Der Zinsanspruch steht der Klägerin auf den zuerkannten Betrag in dem beantragten Umfang aus dem Gesichtspunkt des Verzuges zu (§ 286 Abs. 1, § 288 Abs. 1 BGB).
Die Kosten des Rechtsstreits haben die Parteien nach dem Verhältnis ihres jeweiligen Obsiegens und Unterliegens zu tragen; dabei hat der Beklagte die Kosten des Berufungsverfahrens als insoweit vollständig unterliegende Partei insgesamt zu tragen (§ 92 Abs. 1 ZPO).
Die Klägerin hat die Kosten des Rechtsstreits auch nicht hinsichtlich des anerkannten Teilbetrages der Forderung in Höhe von 1.050,- € selbst zu tragen (entsprechend § 93 ZPO).

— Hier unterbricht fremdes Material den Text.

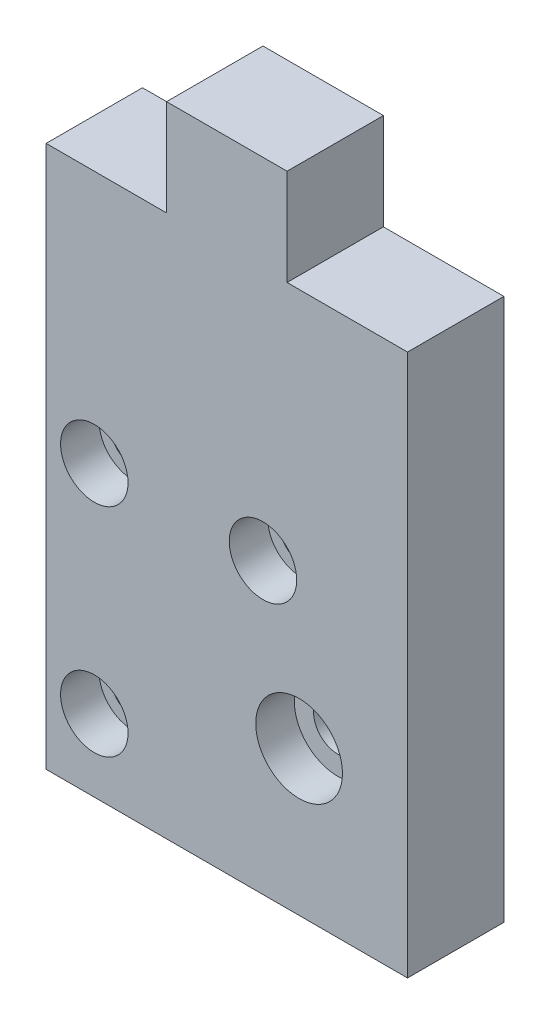
ISO-10303-21;
HEADER;
FILE_DESCRIPTION(('STEP AP214'),'2;1');
FILE_NAME('part.step','',(''),(''),'','','');
FILE_SCHEMA(('AUTOMOTIVE_DESIGN { 1 0 10303 214 1 1 1 1 }'));
ENDSEC;
DATA;
#1=APPLICATION_CONTEXT('core data for automotive mechanical design processes');
#2=APPLICATION_PROTOCOL_DEFINITION('international standard','automotive_design',2000,#1);
#3=PRODUCT_CONTEXT('',#1,'mechanical');
#4=PRODUCT('Part','Part','',(#3));
#5=PRODUCT_RELATED_PRODUCT_CATEGORY('part','',(#4));
#6=PRODUCT_DEFINITION_FORMATION('','',#4);
#7=PRODUCT_DEFINITION_CONTEXT('part definition',#1,'design');
#8=PRODUCT_DEFINITION('design','',#6,#7);
#9=PRODUCT_DEFINITION_SHAPE('','',#8);
#10=(LENGTH_UNIT() NAMED_UNIT(*) SI_UNIT(.MILLI.,.METRE.));
#11=(NAMED_UNIT(*) PLANE_ANGLE_UNIT() SI_UNIT($,.RADIAN.));
#12=(NAMED_UNIT(*) SI_UNIT($,.STERADIAN.) SOLID_ANGLE_UNIT());
#13=UNCERTAINTY_MEASURE_WITH_UNIT(LENGTH_MEASURE(1.E-05),#10,'distance_accuracy_value','');
#14=(GEOMETRIC_REPRESENTATION_CONTEXT(3) GLOBAL_UNCERTAINTY_ASSIGNED_CONTEXT((#13)) GLOBAL_UNIT_ASSIGNED_CONTEXT((#10,
#11,#12)) REPRESENTATION_CONTEXT('',''));
#15=CARTESIAN_POINT('',(0.,0.,0.));
#16=DIRECTION('',(0.,0.,1.));
#17=DIRECTION('',(1.,0.,0.));
#18=AXIS2_PLACEMENT_3D('',#15,#16,#17);
#19=CARTESIAN_POINT('',(5.08,7.62,10.16));
#20=DIRECTION('',(0.,0.,-1.));
#21=DIRECTION('',(-1.,0.,0.));
#22=AXIS2_PLACEMENT_3D('',#19,#20,#21);
#23=CYLINDRICAL_SURFACE('',#22,2.286);
#24=CARTESIAN_POINT('',(5.08,7.62,0.));
#25=DIRECTION('',(0.,0.,1.));
#26=DIRECTION('',(1.,0.,0.));
#27=AXIS2_PLACEMENT_3D('',#24,#25,#26);
#28=CIRCLE('',#27,2.286);
#29=CARTESIAN_POINT('',(7.366,7.62,0.));
#30=VERTEX_POINT('',#29);
#31=EDGE_CURVE('E136',#30,#30,#28,.T.);
#32=ORIENTED_EDGE('',*,*,#31,.F.);
#33=EDGE_LOOP('',(#32));
#34=FACE_BOUND('',#33,.T.);
#35=CARTESIAN_POINT('',(5.08,7.62,6.096));
#36=DIRECTION('',(0.,0.,1.));
#37=DIRECTION('',(1.,0.,0.));
#38=AXIS2_PLACEMENT_3D('',#35,#36,#37);
#39=CIRCLE('',#38,2.286);
#40=CARTESIAN_POINT('',(7.366,7.62,6.096));
#41=VERTEX_POINT('',#40);
#42=EDGE_CURVE('E37',#41,#41,#39,.T.);
#43=ORIENTED_EDGE('',*,*,#42,.T.);
#44=EDGE_LOOP('',(#43));
#45=FACE_BOUND('',#44,.T.);
#46=ADVANCED_FACE('F33',(#34,#45),#23,.F.);
#47=CARTESIAN_POINT('',(5.08,30.48,10.16));
#48=DIRECTION('',(0.,0.,-1.));
#49=DIRECTION('',(-1.,0.,0.));
#50=AXIS2_PLACEMENT_3D('',#47,#48,#49);
#51=CYLINDRICAL_SURFACE('',#50,2.286);
#52=CARTESIAN_POINT('',(5.08,30.48,0.));
#53=DIRECTION('',(0.,0.,1.));
#54=DIRECTION('',(1.,0.,0.));
#55=AXIS2_PLACEMENT_3D('',#52,#53,#54);
#56=CIRCLE('',#55,2.286);
#57=CARTESIAN_POINT('',(7.366,30.48,0.));
#58=VERTEX_POINT('',#57);
#59=EDGE_CURVE('E179',#58,#58,#56,.T.);
#60=ORIENTED_EDGE('',*,*,#59,.F.);
#61=EDGE_LOOP('',(#60));
#62=FACE_BOUND('',#61,.T.);
#63=CARTESIAN_POINT('',(5.08,30.48,6.096));
#64=DIRECTION('',(0.,0.,1.));
#65=DIRECTION('',(1.,0.,0.));
#66=AXIS2_PLACEMENT_3D('',#63,#64,#65);
#67=CIRCLE('',#66,2.286);
#68=CARTESIAN_POINT('',(7.366,30.48,6.096));
#69=VERTEX_POINT('',#68);
#70=EDGE_CURVE('E165',#69,#69,#67,.T.);
#71=ORIENTED_EDGE('',*,*,#70,.T.);
#72=EDGE_LOOP('',(#71));
#73=FACE_BOUND('',#72,.T.);
#74=ADVANCED_FACE('F226',(#62,#73),#51,.F.);
#75=CARTESIAN_POINT('',(26.67,15.24,10.16));
#76=DIRECTION('',(0.,0.,-1.));
#77=DIRECTION('',(-1.,0.,0.));
#78=AXIS2_PLACEMENT_3D('',#75,#76,#77);
#79=CYLINDRICAL_SURFACE('',#78,2.54);
#80=CARTESIAN_POINT('',(26.67,15.24,0.));
#81=DIRECTION('',(0.,0.,1.));
#82=DIRECTION('',(1.,0.,0.));
#83=AXIS2_PLACEMENT_3D('',#80,#81,#82);
#84=CIRCLE('',#83,2.54);
#85=CARTESIAN_POINT('',(29.21,15.24,0.));
#86=VERTEX_POINT('',#85);
#87=EDGE_CURVE('E174',#86,#86,#84,.T.);
#88=ORIENTED_EDGE('',*,*,#87,.F.);
#89=EDGE_LOOP('',(#88));
#90=FACE_BOUND('',#89,.T.);
#91=CARTESIAN_POINT('',(26.67,15.24,6.096));
#92=DIRECTION('',(0.,0.,1.));
#93=DIRECTION('',(1.,0.,0.));
#94=AXIS2_PLACEMENT_3D('',#91,#92,#93);
#95=CIRCLE('',#94,2.54);
#96=CARTESIAN_POINT('',(29.21,15.24,6.096));
#97=VERTEX_POINT('',#96);
#98=EDGE_CURVE('E162',#97,#97,#95,.T.);
#99=ORIENTED_EDGE('',*,*,#98,.T.);
#100=EDGE_LOOP('',(#99));
#101=FACE_BOUND('',#100,.T.);
#102=ADVANCED_FACE('F232',(#90,#101),#79,.F.);
#103=CARTESIAN_POINT('',(22.86,30.48,10.16));
#104=DIRECTION('',(0.,0.,-1.));
#105=DIRECTION('',(-1.,0.,0.));
#106=AXIS2_PLACEMENT_3D('',#103,#104,#105);
#107=CYLINDRICAL_SURFACE('',#106,2.286);
#108=CARTESIAN_POINT('',(22.86,30.48,0.));
#109=DIRECTION('',(0.,0.,1.));
#110=DIRECTION('',(1.,0.,0.));
#111=AXIS2_PLACEMENT_3D('',#108,#109,#110);
#112=CIRCLE('',#111,2.286);
#113=CARTESIAN_POINT('',(25.146,30.48,0.));
#114=VERTEX_POINT('',#113);
#115=EDGE_CURVE('E170',#114,#114,#112,.T.);
#116=ORIENTED_EDGE('',*,*,#115,.F.);
#117=EDGE_LOOP('',(#116));
#118=FACE_BOUND('',#117,.T.);
#119=CARTESIAN_POINT('',(22.86,30.48,6.096));
#120=DIRECTION('',(0.,0.,1.));
#121=DIRECTION('',(1.,0.,0.));
#122=AXIS2_PLACEMENT_3D('',#119,#120,#121);
#123=CIRCLE('',#122,2.286);
#124=CARTESIAN_POINT('',(25.146,30.48,6.096));
#125=VERTEX_POINT('',#124);
#126=EDGE_CURVE('E159',#125,#125,#123,.T.);
#127=ORIENTED_EDGE('',*,*,#126,.T.);
#128=EDGE_LOOP('',(#127));
#129=FACE_BOUND('',#128,.T.);
#130=ADVANCED_FACE('F239',(#118,#129),#107,.F.);
#131=CARTESIAN_POINT('',(0.,0.,10.16));
#132=DIRECTION('',(0.,0.,1.));
#133=DIRECTION('',(1.,0.,0.));
#134=AXIS2_PLACEMENT_3D('',#131,#132,#133);
#135=PLANE('',#134);
#136=CARTESIAN_POINT('',(22.86,30.48,10.16));
#137=DIRECTION('',(0.,0.,1.));
#138=DIRECTION('',(1.,0.,0.));
#139=AXIS2_PLACEMENT_3D('',#136,#137,#138);
#140=CIRCLE('',#139,3.556);
#141=CARTESIAN_POINT('',(26.416,30.48,10.16));
#142=VERTEX_POINT('',#141);
#143=EDGE_CURVE('E266',#142,#142,#140,.T.);
#144=ORIENTED_EDGE('',*,*,#143,.F.);
#145=EDGE_LOOP('',(#144));
#146=FACE_BOUND('',#145,.T.);
#147=CARTESIAN_POINT('',(5.08,7.62,10.16));
#148=DIRECTION('',(0.,0.,1.));
#149=DIRECTION('',(1.,0.,0.));
#150=AXIS2_PLACEMENT_3D('',#147,#148,#149);
#151=CIRCLE('',#150,3.556);
#152=CARTESIAN_POINT('',(8.636,7.62,10.16));
#153=VERTEX_POINT('',#152);
#154=EDGE_CURVE('E260',#153,#153,#151,.T.);
#155=ORIENTED_EDGE('',*,*,#154,.F.);
#156=EDGE_LOOP('',(#155));
#157=FACE_BOUND('',#156,.T.);
#158=CARTESIAN_POINT('',(26.67,15.24,10.16));
#159=DIRECTION('',(0.,0.,1.));
#160=DIRECTION('',(1.,0.,0.));
#161=AXIS2_PLACEMENT_3D('',#158,#159,#160);
#162=CIRCLE('',#161,4.572);
#163=CARTESIAN_POINT('',(31.242,15.24,10.16));
#164=VERTEX_POINT('',#163);
#165=EDGE_CURVE('E254',#164,#164,#162,.T.);
#166=ORIENTED_EDGE('',*,*,#165,.F.);
#167=EDGE_LOOP('',(#166));
#168=FACE_BOUND('',#167,.T.);
#169=CARTESIAN_POINT('',(5.08,30.48,10.16));
#170=DIRECTION('',(0.,0.,1.));
#171=DIRECTION('',(1.,0.,0.));
#172=AXIS2_PLACEMENT_3D('',#169,#170,#171);
#173=CIRCLE('',#172,3.556);
#174=CARTESIAN_POINT('',(8.636,30.48,10.16));
#175=VERTEX_POINT('',#174);
#176=EDGE_CURVE('E182',#175,#175,#173,.T.);
#177=ORIENTED_EDGE('',*,*,#176,.F.);
#178=EDGE_LOOP('',(#177));
#179=FACE_BOUND('',#178,.T.);
#180=DIRECTION('',(0.,-1.,0.));
#181=VECTOR('',#180,1.);
#182=CARTESIAN_POINT('',(0.,57.15,10.16));
#183=LINE('',#182,#181);
#184=CARTESIAN_POINT('',(0.,57.15,10.16));
#185=VERTEX_POINT('',#184);
#186=CARTESIAN_POINT('',(0.,0.,10.16));
#187=VERTEX_POINT('',#186);
#188=EDGE_CURVE('E147',#185,#187,#183,.T.);
#189=ORIENTED_EDGE('',*,*,#188,.T.);
#190=DIRECTION('',(1.,0.,0.));
#191=VECTOR('',#190,1.);
#192=CARTESIAN_POINT('',(0.,0.,10.16));
#193=LINE('',#192,#191);
#194=CARTESIAN_POINT('',(38.1,0.,10.16));
#195=VERTEX_POINT('',#194);
#196=EDGE_CURVE('E95',#187,#195,#193,.T.);
#197=ORIENTED_EDGE('',*,*,#196,.T.);
#198=DIRECTION('',(0.,1.,0.));
#199=VECTOR('',#198,1.);
#200=CARTESIAN_POINT('',(38.1,57.15,10.16));
#201=LINE('',#200,#199);
#202=CARTESIAN_POINT('',(38.1,57.15,10.16));
#203=VERTEX_POINT('',#202);
#204=EDGE_CURVE('E191',#195,#203,#201,.T.);
#205=ORIENTED_EDGE('',*,*,#204,.T.);
#206=DIRECTION('',(-1.,0.,0.));
#207=VECTOR('',#206,1.);
#208=CARTESIAN_POINT('',(25.4,57.15,10.16));
#209=LINE('',#208,#207);
#210=CARTESIAN_POINT('',(25.4,57.15,10.16));
#211=VERTEX_POINT('',#210);
#212=EDGE_CURVE('E193',#203,#211,#209,.T.);
#213=ORIENTED_EDGE('',*,*,#212,.T.);
#214=DIRECTION('',(0.,1.,0.));
#215=VECTOR('',#214,1.);
#216=CARTESIAN_POINT('',(25.4,67.31,10.16));
#217=LINE('',#216,#215);
#218=CARTESIAN_POINT('',(25.4,67.31,10.16));
#219=VERTEX_POINT('',#218);
#220=EDGE_CURVE('E114',#211,#219,#217,.T.);
#221=ORIENTED_EDGE('',*,*,#220,.T.);
#222=DIRECTION('',(-1.,0.,0.));
#223=VECTOR('',#222,1.);
#224=CARTESIAN_POINT('',(12.7,67.31,10.16));
#225=LINE('',#224,#223);
#226=CARTESIAN_POINT('',(12.7,67.31,10.16));
#227=VERTEX_POINT('',#226);
#228=EDGE_CURVE('E108',#219,#227,#225,.T.);
#229=ORIENTED_EDGE('',*,*,#228,.T.);
#230=DIRECTION('',(0.,-1.,0.));
#231=VECTOR('',#230,1.);
#232=CARTESIAN_POINT('',(12.7,57.15,10.16));
#233=LINE('',#232,#231);
#234=CARTESIAN_POINT('',(12.7,57.15,10.16));
#235=VERTEX_POINT('',#234);
#236=EDGE_CURVE('E112',#227,#235,#233,.T.);
#237=ORIENTED_EDGE('',*,*,#236,.T.);
#238=DIRECTION('',(-1.,0.,0.));
#239=VECTOR('',#238,1.);
#240=CARTESIAN_POINT('',(0.,57.15,10.16));
#241=LINE('',#240,#239);
#242=EDGE_CURVE('E52',#235,#185,#241,.T.);
#243=ORIENTED_EDGE('',*,*,#242,.T.);
#244=EDGE_LOOP('',(#189,#197,#205,#213,#221,#229,#237,#243));
#245=FACE_BOUND('',#244,.T.);
#246=ADVANCED_FACE('F110',(#146,#157,#168,#179,#245),#135,.T.);
#247=CARTESIAN_POINT('',(0.,0.,0.));
#248=DIRECTION('',(0.,0.,1.));
#249=DIRECTION('',(1.,0.,0.));
#250=AXIS2_PLACEMENT_3D('',#247,#248,#249);
#251=PLANE('',#250);
#252=CARTESIAN_POINT('',(19.05,62.23,0.));
#253=DIRECTION('',(0.,0.,-1.));
#254=DIRECTION('',(-1.,0.,0.));
#255=AXIS2_PLACEMENT_3D('',#252,#253,#254);
#256=CIRCLE('',#255,1.27);
#257=CARTESIAN_POINT('',(17.78,62.23,0.));
#258=VERTEX_POINT('',#257);
#259=EDGE_CURVE('E249',#258,#258,#256,.T.);
#260=ORIENTED_EDGE('',*,*,#259,.F.);
#261=EDGE_LOOP('',(#260));
#262=FACE_BOUND('',#261,.T.);
#263=DIRECTION('',(0.,-1.,0.));
#264=VECTOR('',#263,1.);
#265=CARTESIAN_POINT('',(0.,57.15,0.));
#266=LINE('',#265,#264);
#267=CARTESIAN_POINT('',(0.,57.15,0.));
#268=VERTEX_POINT('',#267);
#269=CARTESIAN_POINT('',(0.,0.,0.));
#270=VERTEX_POINT('',#269);
#271=EDGE_CURVE('E132',#268,#270,#266,.T.);
#272=ORIENTED_EDGE('',*,*,#271,.F.);
#273=DIRECTION('',(-1.,0.,0.));
#274=VECTOR('',#273,1.);
#275=CARTESIAN_POINT('',(0.,57.15,0.));
#276=LINE('',#275,#274);
#277=CARTESIAN_POINT('',(12.7,57.15,0.));
#278=VERTEX_POINT('',#277);
#279=EDGE_CURVE('E87',#278,#268,#276,.T.);
#280=ORIENTED_EDGE('',*,*,#279,.F.);
#281=DIRECTION('',(0.,-1.,0.));
#282=VECTOR('',#281,1.);
#283=CARTESIAN_POINT('',(12.7,57.15,0.));
#284=LINE('',#283,#282);
#285=CARTESIAN_POINT('',(12.7,67.31,0.));
#286=VERTEX_POINT('',#285);
#287=EDGE_CURVE('E81',#286,#278,#284,.T.);
#288=ORIENTED_EDGE('',*,*,#287,.F.);
#289=DIRECTION('',(-1.,0.,0.));
#290=VECTOR('',#289,1.);
#291=CARTESIAN_POINT('',(12.7,67.31,0.));
#292=LINE('',#291,#290);
#293=CARTESIAN_POINT('',(25.4,67.31,0.));
#294=VERTEX_POINT('',#293);
#295=EDGE_CURVE('E122',#294,#286,#292,.T.);
#296=ORIENTED_EDGE('',*,*,#295,.F.);
#297=DIRECTION('',(0.,1.,0.));
#298=VECTOR('',#297,1.);
#299=CARTESIAN_POINT('',(25.4,67.31,0.));
#300=LINE('',#299,#298);
#301=CARTESIAN_POINT('',(25.4,57.15,0.));
#302=VERTEX_POINT('',#301);
#303=EDGE_CURVE('E142',#302,#294,#300,.T.);
#304=ORIENTED_EDGE('',*,*,#303,.F.);
#305=DIRECTION('',(-1.,0.,0.));
#306=VECTOR('',#305,1.);
#307=CARTESIAN_POINT('',(25.4,57.15,0.));
#308=LINE('',#307,#306);
#309=CARTESIAN_POINT('',(38.1,57.15,0.));
#310=VERTEX_POINT('',#309);
#311=EDGE_CURVE('E140',#310,#302,#308,.T.);
#312=ORIENTED_EDGE('',*,*,#311,.F.);
#313=DIRECTION('',(0.,1.,0.));
#314=VECTOR('',#313,1.);
#315=CARTESIAN_POINT('',(38.1,57.15,0.));
#316=LINE('',#315,#314);
#317=CARTESIAN_POINT('',(38.1,0.,0.));
#318=VERTEX_POINT('',#317);
#319=EDGE_CURVE('E138',#318,#310,#316,.T.);
#320=ORIENTED_EDGE('',*,*,#319,.F.);
#321=DIRECTION('',(1.,0.,0.));
#322=VECTOR('',#321,1.);
#323=CARTESIAN_POINT('',(0.,0.,0.));
#324=LINE('',#323,#322);
#325=EDGE_CURVE('E135',#270,#318,#324,.T.);
#326=ORIENTED_EDGE('',*,*,#325,.F.);
#327=EDGE_LOOP('',(#272,#280,#288,#296,#304,#312,#320,#326));
#328=FACE_BOUND('',#327,.T.);
#329=ORIENTED_EDGE('',*,*,#31,.T.);
#330=EDGE_LOOP('',(#329));
#331=FACE_BOUND('',#330,.T.);
#332=ORIENTED_EDGE('',*,*,#59,.T.);
#333=EDGE_LOOP('',(#332));
#334=FACE_BOUND('',#333,.T.);
#335=ORIENTED_EDGE('',*,*,#87,.T.);
#336=EDGE_LOOP('',(#335));
#337=FACE_BOUND('',#336,.T.);
#338=ORIENTED_EDGE('',*,*,#115,.T.);
#339=EDGE_LOOP('',(#338));
#340=FACE_BOUND('',#339,.T.);
#341=ADVANCED_FACE('F206',(#262,#328,#331,#334,#337,#340),#251,.F.);
#342=CARTESIAN_POINT('',(0.,57.15,10.16));
#343=DIRECTION('',(1.,0.,0.));
#344=DIRECTION('',(0.,0.,-1.));
#345=AXIS2_PLACEMENT_3D('',#342,#343,#344);
#346=PLANE('',#345);
#347=ORIENTED_EDGE('',*,*,#271,.T.);
#348=DIRECTION('',(0.,0.,-1.));
#349=VECTOR('',#348,1.);
#350=CARTESIAN_POINT('',(0.,0.,10.16));
#351=LINE('',#350,#349);
#352=EDGE_CURVE('E11',#187,#270,#351,.T.);
#353=ORIENTED_EDGE('',*,*,#352,.F.);
#354=ORIENTED_EDGE('',*,*,#188,.F.);
#355=DIRECTION('',(0.,0.,-1.));
#356=VECTOR('',#355,1.);
#357=CARTESIAN_POINT('',(0.,57.15,10.16));
#358=LINE('',#357,#356);
#359=EDGE_CURVE('E128',#185,#268,#358,.T.);
#360=ORIENTED_EDGE('',*,*,#359,.T.);
#361=EDGE_LOOP('',(#347,#353,#354,#360));
#362=FACE_BOUND('',#361,.T.);
#363=ADVANCED_FACE('F35',(#362),#346,.F.);
#364=CARTESIAN_POINT('',(0.,0.,10.16));
#365=DIRECTION('',(0.,1.,0.));
#366=DIRECTION('',(0.,0.,1.));
#367=AXIS2_PLACEMENT_3D('',#364,#365,#366);
#368=PLANE('',#367);
#369=ORIENTED_EDGE('',*,*,#325,.T.);
#370=DIRECTION('',(0.,0.,-1.));
#371=VECTOR('',#370,1.);
#372=CARTESIAN_POINT('',(38.1,0.,10.16));
#373=LINE('',#372,#371);
#374=EDGE_CURVE('E43',#195,#318,#373,.T.);
#375=ORIENTED_EDGE('',*,*,#374,.F.);
#376=ORIENTED_EDGE('',*,*,#196,.F.);
#377=ORIENTED_EDGE('',*,*,#352,.T.);
#378=EDGE_LOOP('',(#369,#375,#376,#377));
#379=FACE_BOUND('',#378,.T.);
#380=ADVANCED_FACE('F246',(#379),#368,.F.);
#381=CARTESIAN_POINT('',(38.1,57.15,10.16));
#382=DIRECTION('',(-1.,0.,0.));
#383=DIRECTION('',(0.,0.,1.));
#384=AXIS2_PLACEMENT_3D('',#381,#382,#383);
#385=PLANE('',#384);
#386=ORIENTED_EDGE('',*,*,#319,.T.);
#387=DIRECTION('',(0.,0.,-1.));
#388=VECTOR('',#387,1.);
#389=CARTESIAN_POINT('',(38.1,57.15,10.16));
#390=LINE('',#389,#388);
#391=EDGE_CURVE('E154',#203,#310,#390,.T.);
#392=ORIENTED_EDGE('',*,*,#391,.F.);
#393=ORIENTED_EDGE('',*,*,#204,.F.);
#394=ORIENTED_EDGE('',*,*,#374,.T.);
#395=EDGE_LOOP('',(#386,#392,#393,#394));
#396=FACE_BOUND('',#395,.T.);
#397=ADVANCED_FACE('F440',(#396),#385,.F.);
#398=CARTESIAN_POINT('',(25.4,57.15,10.16));
#399=DIRECTION('',(0.,-1.,0.));
#400=DIRECTION('',(1.,0.,0.));
#401=AXIS2_PLACEMENT_3D('',#398,#399,#400);
#402=PLANE('',#401);
#403=ORIENTED_EDGE('',*,*,#311,.T.);
#404=DIRECTION('',(0.,0.,-1.));
#405=VECTOR('',#404,1.);
#406=CARTESIAN_POINT('',(25.4,57.15,10.16));
#407=LINE('',#406,#405);
#408=EDGE_CURVE('E151',#211,#302,#407,.T.);
#409=ORIENTED_EDGE('',*,*,#408,.F.);
#410=ORIENTED_EDGE('',*,*,#212,.F.);
#411=ORIENTED_EDGE('',*,*,#391,.T.);
#412=EDGE_LOOP('',(#403,#409,#410,#411));
#413=FACE_BOUND('',#412,.T.);
#414=ADVANCED_FACE('F199',(#413),#402,.F.);
#415=CARTESIAN_POINT('',(25.4,67.31,10.16));
#416=DIRECTION('',(-1.,0.,0.));
#417=DIRECTION('',(0.,0.,1.));
#418=AXIS2_PLACEMENT_3D('',#415,#416,#417);
#419=PLANE('',#418);
#420=ORIENTED_EDGE('',*,*,#303,.T.);
#421=DIRECTION('',(0.,0.,-1.));
#422=VECTOR('',#421,1.);
#423=CARTESIAN_POINT('',(25.4,67.31,10.16));
#424=LINE('',#423,#422);
#425=EDGE_CURVE('E123',#219,#294,#424,.T.);
#426=ORIENTED_EDGE('',*,*,#425,.F.);
#427=ORIENTED_EDGE('',*,*,#220,.F.);
#428=ORIENTED_EDGE('',*,*,#408,.T.);
#429=EDGE_LOOP('',(#420,#426,#427,#428));
#430=FACE_BOUND('',#429,.T.);
#431=ADVANCED_FACE('F203',(#430),#419,.F.);
#432=CARTESIAN_POINT('',(12.7,67.31,10.16));
#433=DIRECTION('',(0.,-1.,0.));
#434=DIRECTION('',(0.,0.,-1.));
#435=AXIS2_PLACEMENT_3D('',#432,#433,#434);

Zwar ist der Beklagte diesem Teil der Forderung bereits im Mahnverfahren nicht entgegengetreten und hat insoweit keinen Widerspruch eingelegt. Er hat aber Veranlassung zur Klageerhebung gegeben hatte, da er auch auf die Fristsetzung zum 9.3.2017 im Anwaltsschreiben vom 2.3.2017 keine Zahlung leistete. Dieser Teilanspruch der Klägerin war fällig, insbesondere war die Klägerin nicht verpflichtet, dem Beklagten insoweit eine besondere Rechnung auszustellen, wie er dies mit Anwaltsschreiben vom 2.1.2017 gefordert hatte. Der Beklagte hatte in diesem Anwaltsschreiben seine angekündigte Zahlung aber gerade von der Überlassung einer entsprechenden Rechnung abhängig gemacht.
Die Entscheidung über die vorläufige Vollstreckbarkeit beruht auf den § 708 Nr. 10, §§ 711, 713 ZPO.
Die Revision war nicht zuzulassen, da die Rechtssache keine grundsätzliche Bedeutung hat und weder die Fortbildung des Rechts noch die Sicherung einer einheitlichen Rechtsprechung eine Entscheidung des Revisionsgerichts erfordert (§ 543 Abs. 2 Nrn. 1, 2 ZPO).